Santana Castilho
A confiança e a cumplicidade entre ministério e professores não estão apenas quebradas, estão pulverizadas
Já aqui escrevi que a avaliação do desempenho está longe de ser o problema, mas tão-só um epifenómeno dele. O problema começou quando este Governo assumiu como desígnio poupar, sem critério, no que é vital para desenvolver o país e promover as pessoas. Ora o ensino de qualidade requer dinheiro e tempo. Não se faz sem professores e sem escolas mobilizadas. Supõe trabalho, exigência e disciplina, coisas que os computadores a pataco e os turbo-diplomas não substituem. Mas a política seguida e a legislação que a suporta assentam na convicção inculta de que a opressão férrea sobre os professores e o laxismo a eito para os alunos operarão o milagre da multiplicação das "competências", como os tecnocratas de serviço gostam de chamar, vamos lá nós saber a quê. Este é o fio condutor que qualquer análise lúcida descortina como elo de ligação entre toda a produção legislativa do Ministério da Educação, com destaque para os três diplomas mais assassinos: o estatuto dos professores, o estatuto dos alunos e a gestão das escolas.
Nos últimos dias, assistimos a manifestações bem degradantes. Ouvimos a ministra da Educação, que tinha negado a burocracia, reconhecer com candura que o modelo de avaliação do desempenho dos professores estava cheio dela. Que, afinal, as duas simples fichas eram muitas mais e desnecessárias. Que o que ontem era dogma fora reclassificado como anátema. Que muito do que tinha sido proclamado como indispensável era, afinal, inviável e ministerialmente ultrapassável por uma portaria Simplex. Tudo com a mesma ligeireza com que os aldrabões das feiras doutro tempo convenciam os incautos a usar a banha da cobra para remover todos os males, do corpo ou do espírito. Prudentemente calada a senhora, a viscosidade do lamaçal em que esta gente se move recolheu à guarda do secretário de Estado Jorge Pedreira, que não enjeitou o mote: convocou a Plataforma Sindical para uma reunião com "agenda aberta" que, desmarcadas as próximas greves, logo fechou, esclarecendo, em hino ao patético, que "agenda aberta significa permitir às partes dizer o que entendem". Ou seja, repetir o que já sabemos, como se não estivéssemos saturados de ouvir as partes, sem que se faça o que deve ser feito. E a plataforma mordeu. Esperemos que não engula e não ceda ao Memorando II, para salvar o primeiro período.
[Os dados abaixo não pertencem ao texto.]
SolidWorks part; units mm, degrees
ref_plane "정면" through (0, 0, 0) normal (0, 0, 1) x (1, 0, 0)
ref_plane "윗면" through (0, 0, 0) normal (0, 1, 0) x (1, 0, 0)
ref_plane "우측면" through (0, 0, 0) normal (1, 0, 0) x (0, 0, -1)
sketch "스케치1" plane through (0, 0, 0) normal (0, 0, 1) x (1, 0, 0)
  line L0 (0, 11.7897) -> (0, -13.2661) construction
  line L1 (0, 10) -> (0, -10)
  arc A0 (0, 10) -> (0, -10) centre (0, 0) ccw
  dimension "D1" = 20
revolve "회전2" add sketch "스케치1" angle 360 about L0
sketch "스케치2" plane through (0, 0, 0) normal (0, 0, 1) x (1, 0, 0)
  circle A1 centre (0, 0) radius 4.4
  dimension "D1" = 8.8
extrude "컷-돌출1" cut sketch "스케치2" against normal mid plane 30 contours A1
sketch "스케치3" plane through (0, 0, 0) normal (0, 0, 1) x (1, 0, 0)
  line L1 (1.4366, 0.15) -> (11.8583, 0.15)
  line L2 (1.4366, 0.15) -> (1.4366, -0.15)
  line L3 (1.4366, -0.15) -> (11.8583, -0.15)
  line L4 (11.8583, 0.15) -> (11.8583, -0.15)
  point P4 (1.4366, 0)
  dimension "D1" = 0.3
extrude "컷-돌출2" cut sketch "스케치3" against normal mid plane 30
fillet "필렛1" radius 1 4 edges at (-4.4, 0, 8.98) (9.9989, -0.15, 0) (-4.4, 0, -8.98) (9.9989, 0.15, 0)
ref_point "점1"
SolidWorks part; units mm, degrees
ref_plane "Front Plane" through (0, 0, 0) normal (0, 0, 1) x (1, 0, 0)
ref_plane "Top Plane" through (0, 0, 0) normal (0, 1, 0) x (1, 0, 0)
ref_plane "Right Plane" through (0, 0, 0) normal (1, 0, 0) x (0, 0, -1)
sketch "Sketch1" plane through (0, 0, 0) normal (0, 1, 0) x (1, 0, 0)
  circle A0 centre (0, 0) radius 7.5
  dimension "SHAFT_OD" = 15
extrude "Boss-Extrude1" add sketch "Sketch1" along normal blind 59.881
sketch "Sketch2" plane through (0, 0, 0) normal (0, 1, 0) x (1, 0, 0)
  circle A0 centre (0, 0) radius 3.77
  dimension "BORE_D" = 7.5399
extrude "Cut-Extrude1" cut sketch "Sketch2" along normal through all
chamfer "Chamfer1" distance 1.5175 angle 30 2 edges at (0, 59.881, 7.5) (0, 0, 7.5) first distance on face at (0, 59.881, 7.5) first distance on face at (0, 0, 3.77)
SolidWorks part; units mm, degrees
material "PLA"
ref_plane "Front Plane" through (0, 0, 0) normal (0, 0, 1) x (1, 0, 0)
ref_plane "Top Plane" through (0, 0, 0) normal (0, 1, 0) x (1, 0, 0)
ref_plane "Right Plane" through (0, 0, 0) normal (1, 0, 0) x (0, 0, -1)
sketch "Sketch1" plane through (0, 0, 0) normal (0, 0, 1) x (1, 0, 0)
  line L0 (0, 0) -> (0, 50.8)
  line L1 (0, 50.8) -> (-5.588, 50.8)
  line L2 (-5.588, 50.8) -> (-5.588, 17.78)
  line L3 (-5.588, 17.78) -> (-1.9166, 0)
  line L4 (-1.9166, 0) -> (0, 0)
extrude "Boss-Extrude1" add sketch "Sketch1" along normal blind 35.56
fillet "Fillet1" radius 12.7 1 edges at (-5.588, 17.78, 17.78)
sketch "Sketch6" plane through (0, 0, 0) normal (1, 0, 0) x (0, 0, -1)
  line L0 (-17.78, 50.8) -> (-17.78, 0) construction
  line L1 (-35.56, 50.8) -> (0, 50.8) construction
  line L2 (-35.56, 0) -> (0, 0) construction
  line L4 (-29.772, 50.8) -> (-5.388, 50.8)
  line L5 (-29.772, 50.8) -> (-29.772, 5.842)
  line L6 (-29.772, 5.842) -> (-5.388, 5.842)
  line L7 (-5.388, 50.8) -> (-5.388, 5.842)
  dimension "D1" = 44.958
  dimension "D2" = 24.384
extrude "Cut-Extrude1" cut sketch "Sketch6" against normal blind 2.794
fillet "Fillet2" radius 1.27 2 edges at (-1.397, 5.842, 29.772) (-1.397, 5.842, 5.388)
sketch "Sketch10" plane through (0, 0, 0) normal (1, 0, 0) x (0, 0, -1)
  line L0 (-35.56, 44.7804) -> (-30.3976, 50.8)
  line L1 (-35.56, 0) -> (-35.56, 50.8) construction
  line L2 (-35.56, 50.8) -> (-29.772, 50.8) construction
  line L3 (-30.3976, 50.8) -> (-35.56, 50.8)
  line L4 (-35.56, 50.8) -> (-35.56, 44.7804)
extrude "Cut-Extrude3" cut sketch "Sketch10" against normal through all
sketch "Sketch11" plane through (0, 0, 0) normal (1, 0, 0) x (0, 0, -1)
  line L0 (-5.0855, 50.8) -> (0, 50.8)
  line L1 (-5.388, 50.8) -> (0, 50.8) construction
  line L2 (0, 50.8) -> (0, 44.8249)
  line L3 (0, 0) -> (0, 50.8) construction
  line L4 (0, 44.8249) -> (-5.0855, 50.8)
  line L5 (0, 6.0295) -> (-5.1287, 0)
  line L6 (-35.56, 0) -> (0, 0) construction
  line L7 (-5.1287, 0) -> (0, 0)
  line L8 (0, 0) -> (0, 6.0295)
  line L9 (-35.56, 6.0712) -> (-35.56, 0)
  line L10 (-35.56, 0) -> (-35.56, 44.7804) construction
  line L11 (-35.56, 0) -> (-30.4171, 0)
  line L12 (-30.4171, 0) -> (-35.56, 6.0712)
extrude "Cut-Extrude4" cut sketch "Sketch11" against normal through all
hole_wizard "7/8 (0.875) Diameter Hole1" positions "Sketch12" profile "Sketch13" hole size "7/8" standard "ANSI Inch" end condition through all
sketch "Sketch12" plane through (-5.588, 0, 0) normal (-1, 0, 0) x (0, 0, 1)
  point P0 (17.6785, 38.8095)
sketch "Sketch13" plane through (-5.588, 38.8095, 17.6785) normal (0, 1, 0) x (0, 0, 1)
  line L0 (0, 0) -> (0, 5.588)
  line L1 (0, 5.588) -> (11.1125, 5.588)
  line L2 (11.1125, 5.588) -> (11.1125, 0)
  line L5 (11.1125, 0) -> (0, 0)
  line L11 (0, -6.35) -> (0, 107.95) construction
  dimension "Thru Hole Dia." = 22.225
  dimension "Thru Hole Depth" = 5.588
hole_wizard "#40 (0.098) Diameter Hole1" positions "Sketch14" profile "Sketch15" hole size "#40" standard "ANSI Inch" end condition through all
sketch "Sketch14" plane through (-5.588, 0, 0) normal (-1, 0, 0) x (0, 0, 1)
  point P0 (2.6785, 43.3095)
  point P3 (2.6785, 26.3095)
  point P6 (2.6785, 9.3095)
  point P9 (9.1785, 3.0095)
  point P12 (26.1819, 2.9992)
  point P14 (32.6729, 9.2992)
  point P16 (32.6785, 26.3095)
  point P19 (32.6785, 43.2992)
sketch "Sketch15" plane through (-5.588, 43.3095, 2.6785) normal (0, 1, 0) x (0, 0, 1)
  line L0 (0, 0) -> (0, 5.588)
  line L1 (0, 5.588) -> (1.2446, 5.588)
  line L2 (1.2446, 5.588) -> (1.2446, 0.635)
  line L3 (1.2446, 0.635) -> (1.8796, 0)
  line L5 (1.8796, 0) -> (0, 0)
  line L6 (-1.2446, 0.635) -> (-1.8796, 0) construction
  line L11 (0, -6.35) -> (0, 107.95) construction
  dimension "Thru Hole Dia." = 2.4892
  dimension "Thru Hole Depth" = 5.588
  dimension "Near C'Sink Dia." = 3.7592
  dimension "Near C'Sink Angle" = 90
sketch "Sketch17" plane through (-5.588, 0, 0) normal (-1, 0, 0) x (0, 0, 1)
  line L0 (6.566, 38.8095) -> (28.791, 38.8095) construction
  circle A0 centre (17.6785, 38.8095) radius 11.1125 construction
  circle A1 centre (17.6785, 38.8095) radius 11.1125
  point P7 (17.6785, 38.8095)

Entendamo-nos. O ensino está num atoleiro de que não se sai com esta equipa de governantes. A confiança e a cumplicidade indispensáveis entre ministério e professores não estão apenas quebradas. Estão literalmente pulverizadas e são, por isso, irrecuperáveis. Sócrates tem de substituir a ministra da Educação. Agora, fazendo-a perceber o que Correia de Campos percebeu sozinho, ou mais tarde (mais próximo das eleições ou depois delas, se as ganhar). Mas esse é problema dele. O problema dos professores é não se deixarem arrastar para o fundo do lamaçal. Há desânimo e cansaço nos alunos e nos pais. Há transtornos e perturbações na vida das famílias e houve mesmo manifestações de separatismo por parte daqueles que cedem facilmente à primeira fresta aberta para melhorarem a vida e lamberem migalhas de poder. Mas há, a par disso e muito mais que isso, em nome da escola pública, da justiça e da dignidade docente, uma resistência que não pode ser perdida, seja qual for o truque ou a estratégia intimidatória.
Porque falo de lamaçal, não posso deixar sem referência o quadro deprimente (e reincidente) que a Assembleia da República nos proporcionou. Como é público, o CDS fez uma proposta de suspensão da avaliação do desempenho dos professores. No momento da votação, 48 deputados estavam ausentes da assembleia. Destes, 28 pertenciam ao PSD, que também reclamou, aliás como toda a oposição, a mesma suspensão. Dado que 6 deputados do PS votaram favoravelmente a proposta, bastaria a presença de mais 22 votantes da oposição para que o PS sofresse um pesado revés. Esperemos que, quando regressarem de férias, algum dos faltosos não nos diga que não senhor, que tudo foi estrategicamente previsto para não oferecer ao adversário, de bandeja e sem ónus, a solução do conflito. É que a sobrevivência no lamaçal aguça o maquiavelismo.